Work instructions:
All lines of the listing that contain "schematic" should be shown in full.
(Beginning of Study material)
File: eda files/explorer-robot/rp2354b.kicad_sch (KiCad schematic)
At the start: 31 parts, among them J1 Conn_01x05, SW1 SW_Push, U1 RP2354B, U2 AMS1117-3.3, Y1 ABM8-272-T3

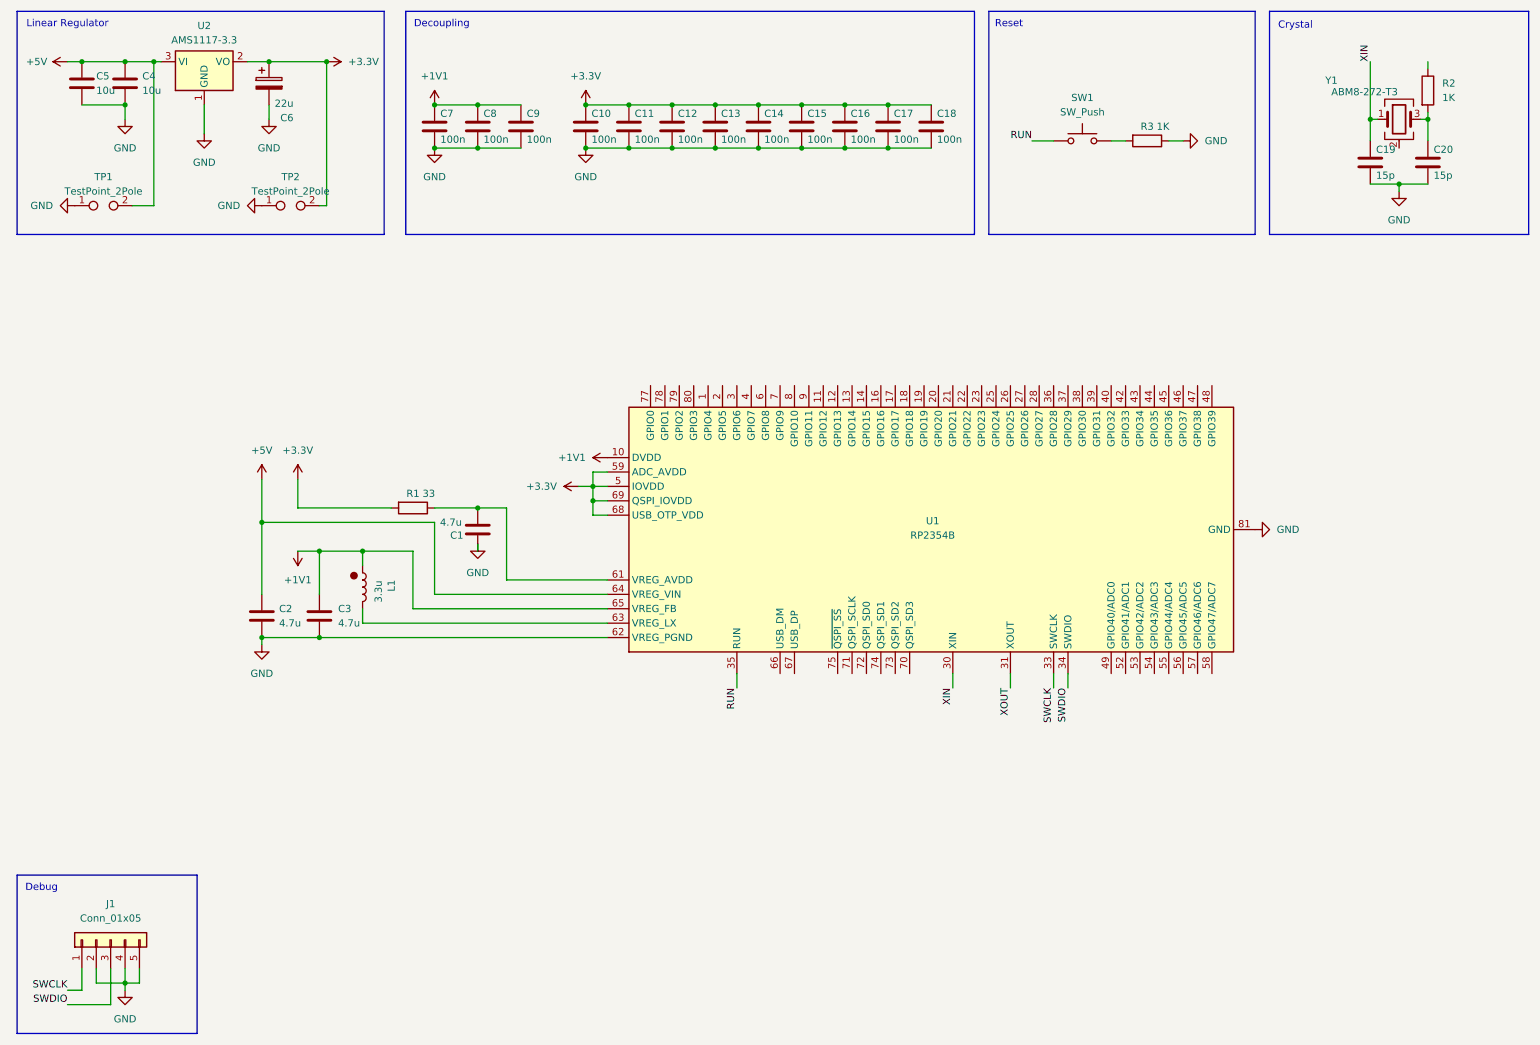
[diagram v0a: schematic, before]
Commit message: finish schematic for ICM-20948; requiring changes to pin assignment
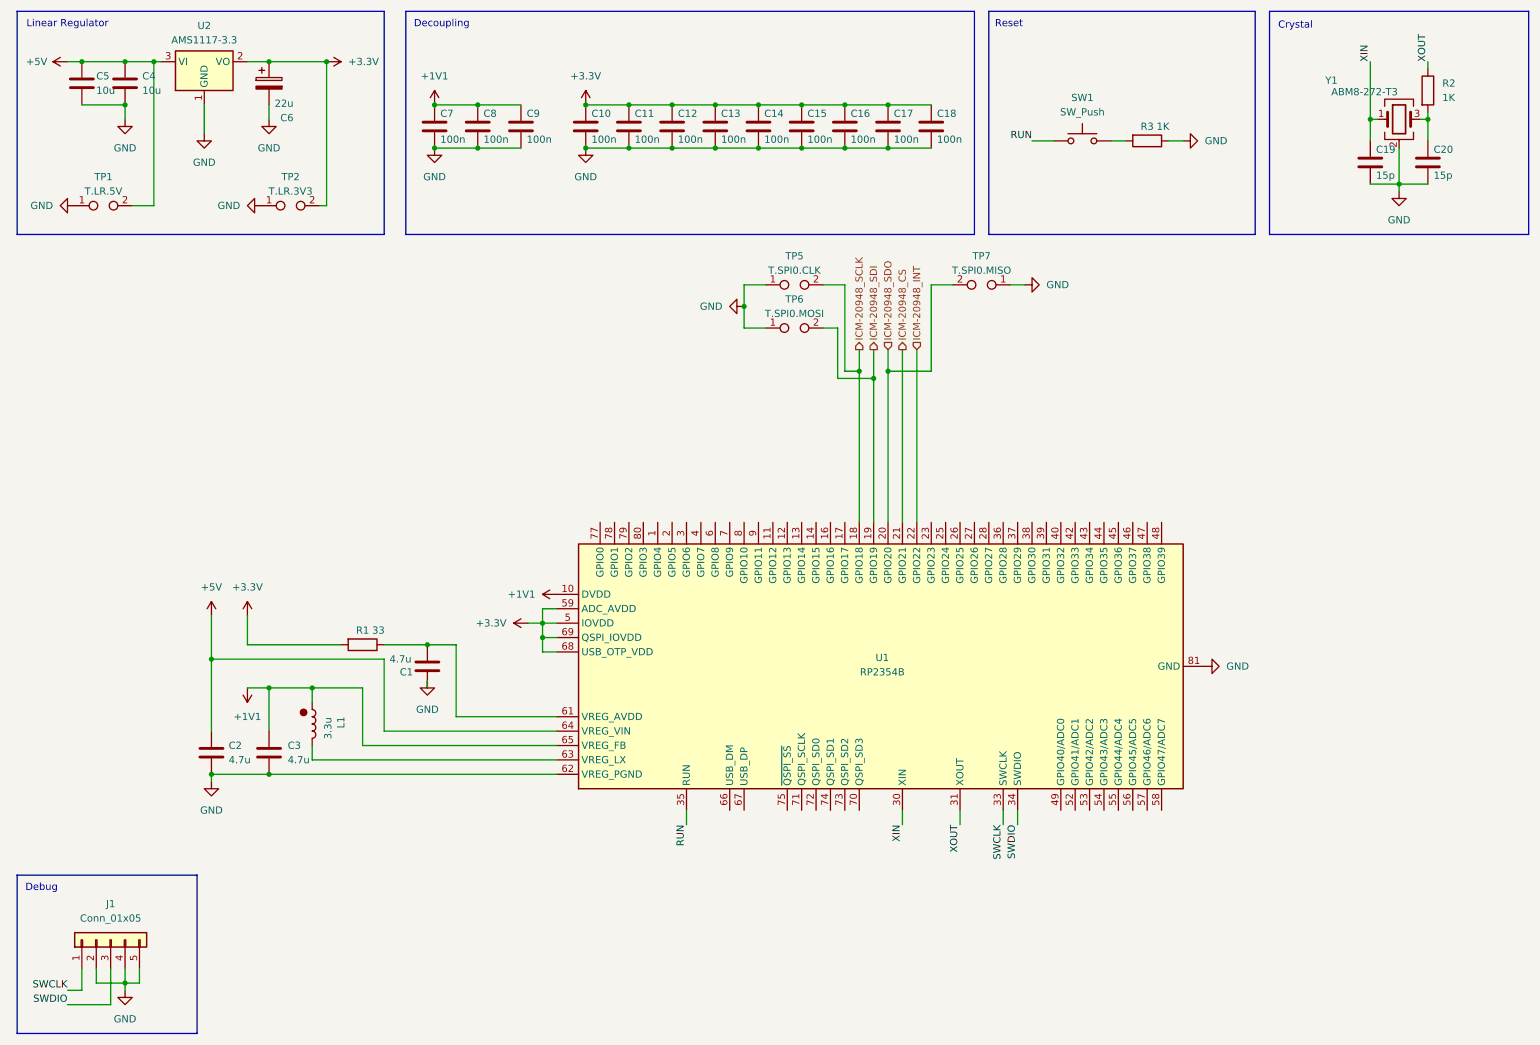
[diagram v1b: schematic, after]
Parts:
- added TP5: T.SPI0.CLK, tp:TestPoint_Bridge_Pitch3.81mm_Drill1.3mm, symbol Connector:TestPoint_2Pole
- added TP6: T.SPI0.MOSI, tp:TestPoint_Bridge_Pitch3.81mm_Drill1.3mm, symbol Connector:TestPoint_2Pole
- added TP7: T.SPI0.MISO, tp:TestPoint_Bridge_Pitch3.81mm_Drill1.3mm, symbol Connector:TestPoint_2Pole
- C1, C2, C3: LCSC https://jlcpcb.com/partdetail/24469-CL05A475MP5NRNC/C23733 -> C23733; MFR (none) -> Samsung Electro-Mechanics
- C10, C11, C12, C13, C14, C15, C16, C17, C18, C7, C8, C9: LCSC https://jlcpcb.com/partdetail/YAGEO-CC0603KRX7R9BB104/C14663 -> C14663; MFR (none) -> YAGEO; MPN C14663 -> CC0603KRX7R9BB104
- C19, C20: MFR (none) -> Samsung Electro-Mechanics
- C4, C5: LCSC https://jlcpcb.com/partdetail/20411-CL10A106KP8NNNC/C19702 -> C19702; MFR (none) -> Samsung Electro-Mechanics; MPN C19702 -> CL10A106KP8NNNC
- C6: LCSC https://jlcpcb.com/partdetail/-TAJA226K010RNJ/C11366 -> C11366; MFR (none) -> --; MPN C11366 -> TAJA226K010RNJ
- J1: LCSC https://jlcpcb.com/partdetail/Megastar-ZX_SH1_03PLT/C7430452 -> C7430452; MFR (none) -> Megastar; MPN C7430452 -> ZX-SH1.0-3PLT
- L1: LCSC https://jlcpcb.com/partdetail/AbraconLLC-AOTA_B201610S3R3_1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 -> C42411119; MFR (none) -> Abracon LLC; MPN C42411119 -> AOTA-B201610S3R3-101-T
- R1: LCSC https://jlcpcb.com/partdetail/25848-0402WGF330JTCE/C25105 -> 0402WGF330JTCE; MFR (none) -> UNI-ROYAL(Uniroyal Elec)
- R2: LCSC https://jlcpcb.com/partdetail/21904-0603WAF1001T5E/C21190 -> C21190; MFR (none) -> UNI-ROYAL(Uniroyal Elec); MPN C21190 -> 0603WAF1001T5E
(End of Study material)
Result:
File: eda files/explorer-robot/rp2354b.kicad_sch (KiCad schematic)
[diagram v0a: schematic, before]
Commit message: finish schematic for ICM-20948; requiring changes to pin assignment
[diagram v1b: schematic, after]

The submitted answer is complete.